By analyzing Figures 7–11 and Table 4 in detail, we can conclude the following:(1)The proposed algorithm FEEC can cluster data with 80% complete data and 20% incomplete data, and in most cases, the performance is very convincing. Specifically, for both Aggregation and epileptic EEG signals, FEEC performs best, in terms of NMI, accuracy, and ENERGY.(2)As to the computational time, compared with EEM, FEEC takes less time. Thus, with the assistance of compression stage, the time complexity of FEEC has been reduced, and the efficiency is improved as well. And FEEC has an equivalent computational time with FAP. Comparing other criteria of FEEC and FAP, it is worthwhile to spend more time.(3)The proposed FEEC needs no more parameters except for preferences, while the performance of FAP relies much on k, which determines the number of nearest exemplars. Accordingly, in terms of the involved datasets in this section, FEEC would achieve satisfactory clustering results.
5. Conclusions
The diagnosis and treatment of epilepsy is always a significant direction for both machine learning and brain science. This paper newly proposes a fast exemplar-based clustering method for incomplete EEG signal. The FEEC method includes two stages, namely, compression and optimization. The performance of the proposed clustering algorithm is comprehensively verified by the experiments on two datasets.

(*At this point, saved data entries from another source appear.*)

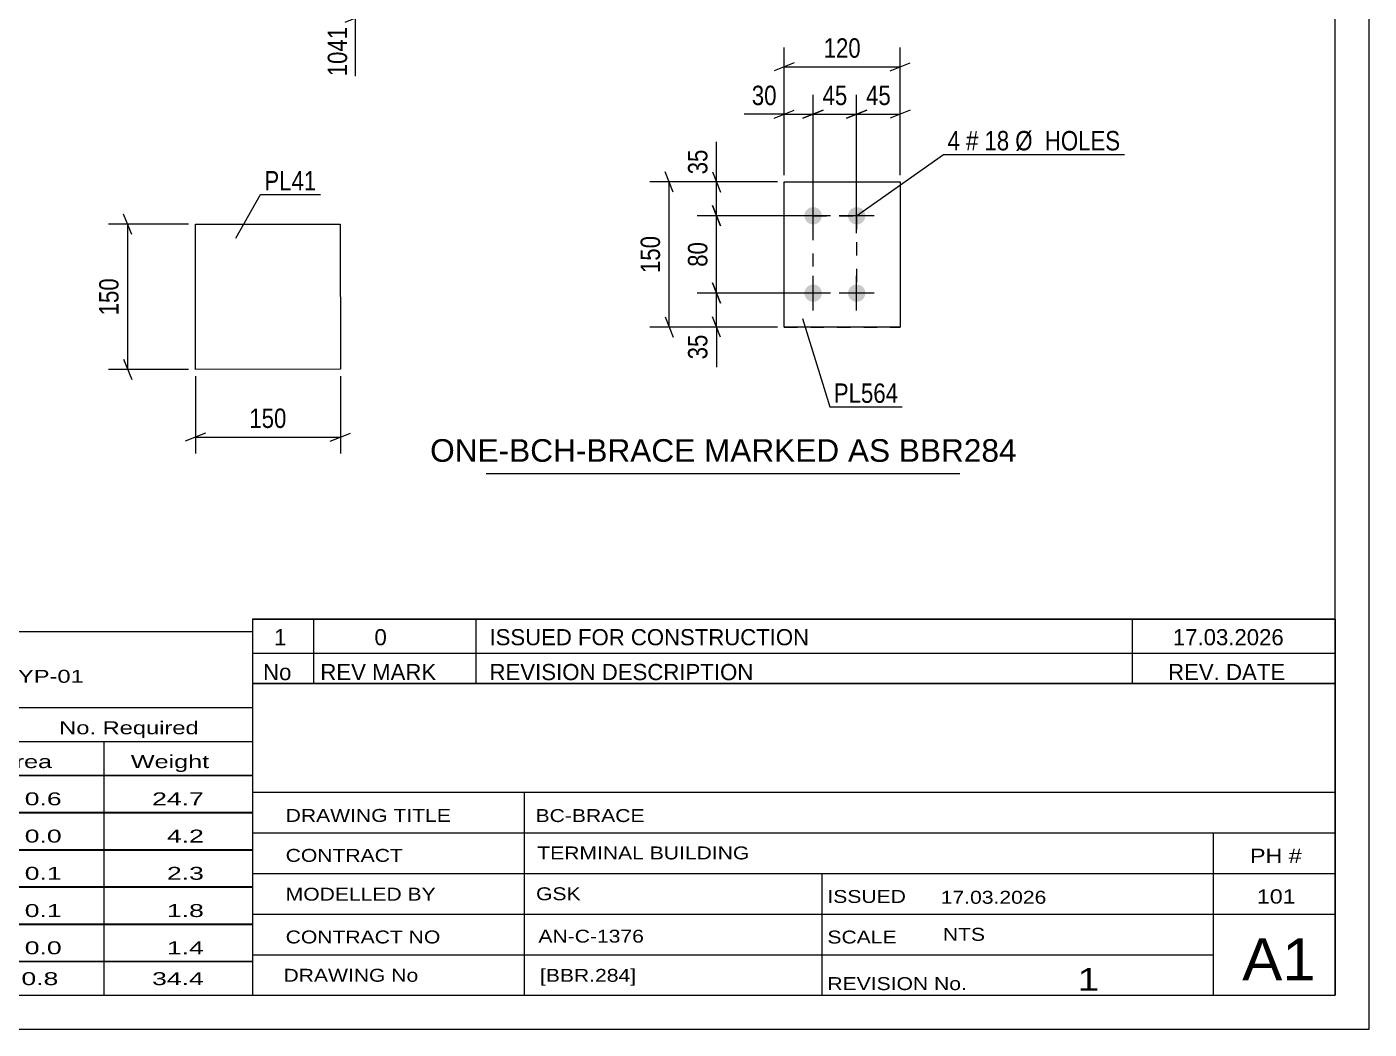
# Model space of a CAD drawing. Header units: millimetres. Extents: x 0 to 420, y 0 to 297.
# Drawn here: x 221.6 to 420, y 0 to 148 of the extents above; entities that cross this region are included whole.
import ezdxf

# ---------------------------------------------------------------- set-up
doc = ezdxf.new("R2010")
doc.units = ezdxf.units.MM
doc.linetypes.add('DXK_LINE_DOT2', pattern=[3.9198, 1.9599, -1.9599])
doc.styles.add('Arial', font='ARIAL.TTF', dxfattribs={"height": 0.2})
doc.styles.add('Arial Narrow', font='ARIALN.TTF', dxfattribs={"height": 0.2})

# ---------------------------------------------------------------- blocks, each defined once
blk = doc.blocks.new('Unknown-585697547-1128')
at = {"color": 5, "linetype": 'Continuous'}
for p, q in [((420, 0), (420, 297)), ((415, 5), (415, 292)), ((5, 5), (415, 5)), ((0, 0), (420, 0))]:
    blk.add_line(p, q, dxfattribs=at)
blk = doc.blocks.new('Part-585697547-1278 - 1262')
at = {"color": 2, "linetype": 'Continuous'}
for p, q in [((333.55, 125.14), (350.69, 125.14)), ((333.55, 103.71), (333.55, 125.14)), ((350.69, 125.14), (350.69, 125.14)), ((350.69, 125.14), (350.69, 103.71)), ((350.69, 103.71), (333.55, 103.71)), ((333.55, 103.71), (333.55, 103.71))]:
    blk.add_line(p, q, dxfattribs=at)
at = {"color": 7, "linetype": 'DXK_LINE_DOT2'}
for p, q in [((333.55, 125.14), (350.69, 125.14)), ((333.55, 103.71), (350.69, 103.71)), ((333.55, 103.71), (333.55, 103.71))]:
    blk.add_line(p, q, dxfattribs=at)
blk = doc.blocks.new('Bolt-585697547-1311 - 1262')
at = {"linetype": 'Continuous'}
for points in [[(337.83, 118.85), (337.57, 118.88), (337.31, 118.96), (337.08, 119.1), (336.88, 119.28), (336.72, 119.49), (336.61, 119.74), (336.55, 120), (336.55, 120.27), (336.61, 120.53), (336.72, 120.78), (336.88, 121), (337.08, 121.18), (337.31, 121.31), (337.57, 121.39), (337.83, 121.42), (338.1, 121.39), (338.36, 121.31), (338.59, 121.18), (338.79, 121), (338.95, 120.78), (339.06, 120.53), (339.11, 120.27), (339.11, 120), (339.06, 119.74), (338.95, 119.49), (338.79, 119.28), (338.59, 119.1), (338.36, 118.96), (338.1, 118.88)], [(344.26, 118.85), (343.99, 118.88), (343.74, 118.96), (343.51, 119.1), (343.31, 119.28), (343.15, 119.49), (343.04, 119.74), (342.98, 120), (342.98, 120.27), (343.04, 120.53), (343.15, 120.78), (343.31, 121), (343.51, 121.18), (343.74, 121.31), (343.99, 121.39), (344.26, 121.42), (344.53, 121.39), (344.78, 121.31), (345.02, 121.18), (345.22, 121), (345.38, 120.78), (345.48, 120.53), (345.54, 120.27), (345.54, 120), (345.48, 119.74), (345.38, 119.49), (345.22, 119.28), (345.02, 119.1), (344.78, 118.96), (344.53, 118.88)], [(337.83, 107.42), (337.57, 107.45), (337.31, 107.53), (337.08, 107.67), (336.88, 107.85), (336.72, 108.07), (336.61, 108.31), (336.55, 108.57), (336.55, 108.84), (336.61, 109.11), (336.72, 109.35), (336.88, 109.57), (337.08, 109.75), (337.31, 109.88), (337.57, 109.97), (337.83, 109.99), (338.1, 109.97), (338.36, 109.88), (338.59, 109.75), (338.79, 109.57), (338.95, 109.35), (339.06, 109.11), (339.11, 108.84), (339.11, 108.57), (339.06, 108.31), (338.95, 108.07), (338.79, 107.85), (338.59, 107.67), (338.36, 107.53), (338.1, 107.45)], [(344.26, 107.42), (343.99, 107.45), (343.74, 107.53), (343.51, 107.67), (343.31, 107.85), (343.15, 108.07), (343.04, 108.31), (342.98, 108.57), (342.98, 108.84), (343.04, 109.11), (343.15, 109.35), (343.31, 109.57), (343.51, 109.75), (343.74, 109.88), (343.99, 109.97), (344.26, 109.99), (344.53, 109.97), (344.78, 109.88), (345.02, 109.75), (345.22, 109.57), (345.38, 109.35), (345.48, 109.11), (345.54, 108.84), (345.54, 108.57), (345.48, 108.31), (345.38, 108.07), (345.22, 107.85), (345.02, 107.67), (344.78, 107.53), (344.53, 107.45)]]:
    blk.add_hatch(color=1, dxfattribs=at).paths.add_polyline_path(points)
at = {"color": 1, "linetype": 'Continuous'}
for p, q in [((337.83, 117.57), (337.83, 122.71)), ((344.26, 117.57), (344.26, 122.71)), ((340.4, 120.14), (335.26, 120.14)), ((346.83, 120.14), (341.69, 120.14)), ((337.83, 106.14), (337.83, 111.28)), ((344.26, 106.14), (344.26, 111.28)), ((340.4, 108.71), (335.26, 108.71)), ((346.83, 108.71), (341.69, 108.71))]:
    blk.add_line(p, q, dxfattribs=at)
blk = doc.blocks.new('Part-585697547-1238 - 1220')
at = {"color": 2, "linetype": 'Continuous'}
for p, q in [((246.53, 118.88), (267.95, 118.89)), ((246.53, 97.45), (246.53, 118.88)), ((267.95, 118.89), (267.96, 97.46)), ((267.96, 97.46), (246.53, 97.45))]:
    blk.add_line(p, q, dxfattribs=at)
blk = doc.blocks.new('Rectangle-585697547-1398 - 1262')
at = {"color": 1, "linetype": 'DXK_LINE_DOT2'}
blk.add_lwpolyline([(337.83, 120.14), (344.26, 120.14), (344.26, 108.71), (337.83, 108.71), (337.83, 120.14)], close=True, dxfattribs=at)
blk = doc.blocks.new('StraightDimension-585697547-1377 - 1262')
at = {"color": 7, "linetype": 'Continuous'}
for p, q in [((333.55, 126.14), (333.55, 137.99)), ((337.83, 121.14), (337.83, 137.99)), ((332.05, 134.54), (335.05, 135.74)), ((333.55, 135.14), (337.83, 135.14)), ((339.33, 135.74), (336.33, 134.54))]:
    blk.add_line(p, q, dxfattribs=at)
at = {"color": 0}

Although most recognition methods of epilepsy are based on EEG signals at present, researchers also have to study on other neuroimaging modalities, such as cortical electroencephalography (ECoG), functional infrared optical imaging (fNIR), functional magnetic resonance imaging (fMRI), positron emission tomography (PET), and magnetoencephalography (MEG). Considering the fact that the brain activity is a nonlinear, networked, and unstable complex system, we would focus on the multimodal clustering model for these neuroimaging modality signals in future.
Data Availability
The data used to support the findings of this study are available from the corresponding author upon request.
Conflicts of Interest
The authors declare that they have no conflicts of interest.
Acknowledgments
This study was supported in part by the 2018 Natural Science Foundation of Jiangsu Higher Education Institutions under grant no. 18KJB5200001, the Natural Science Foundation of Jiangsu Province under grant no. BK20161268, and the Humanities and Social Sciences Foundation of the Ministry of Education under grant no. 18YJCZH229.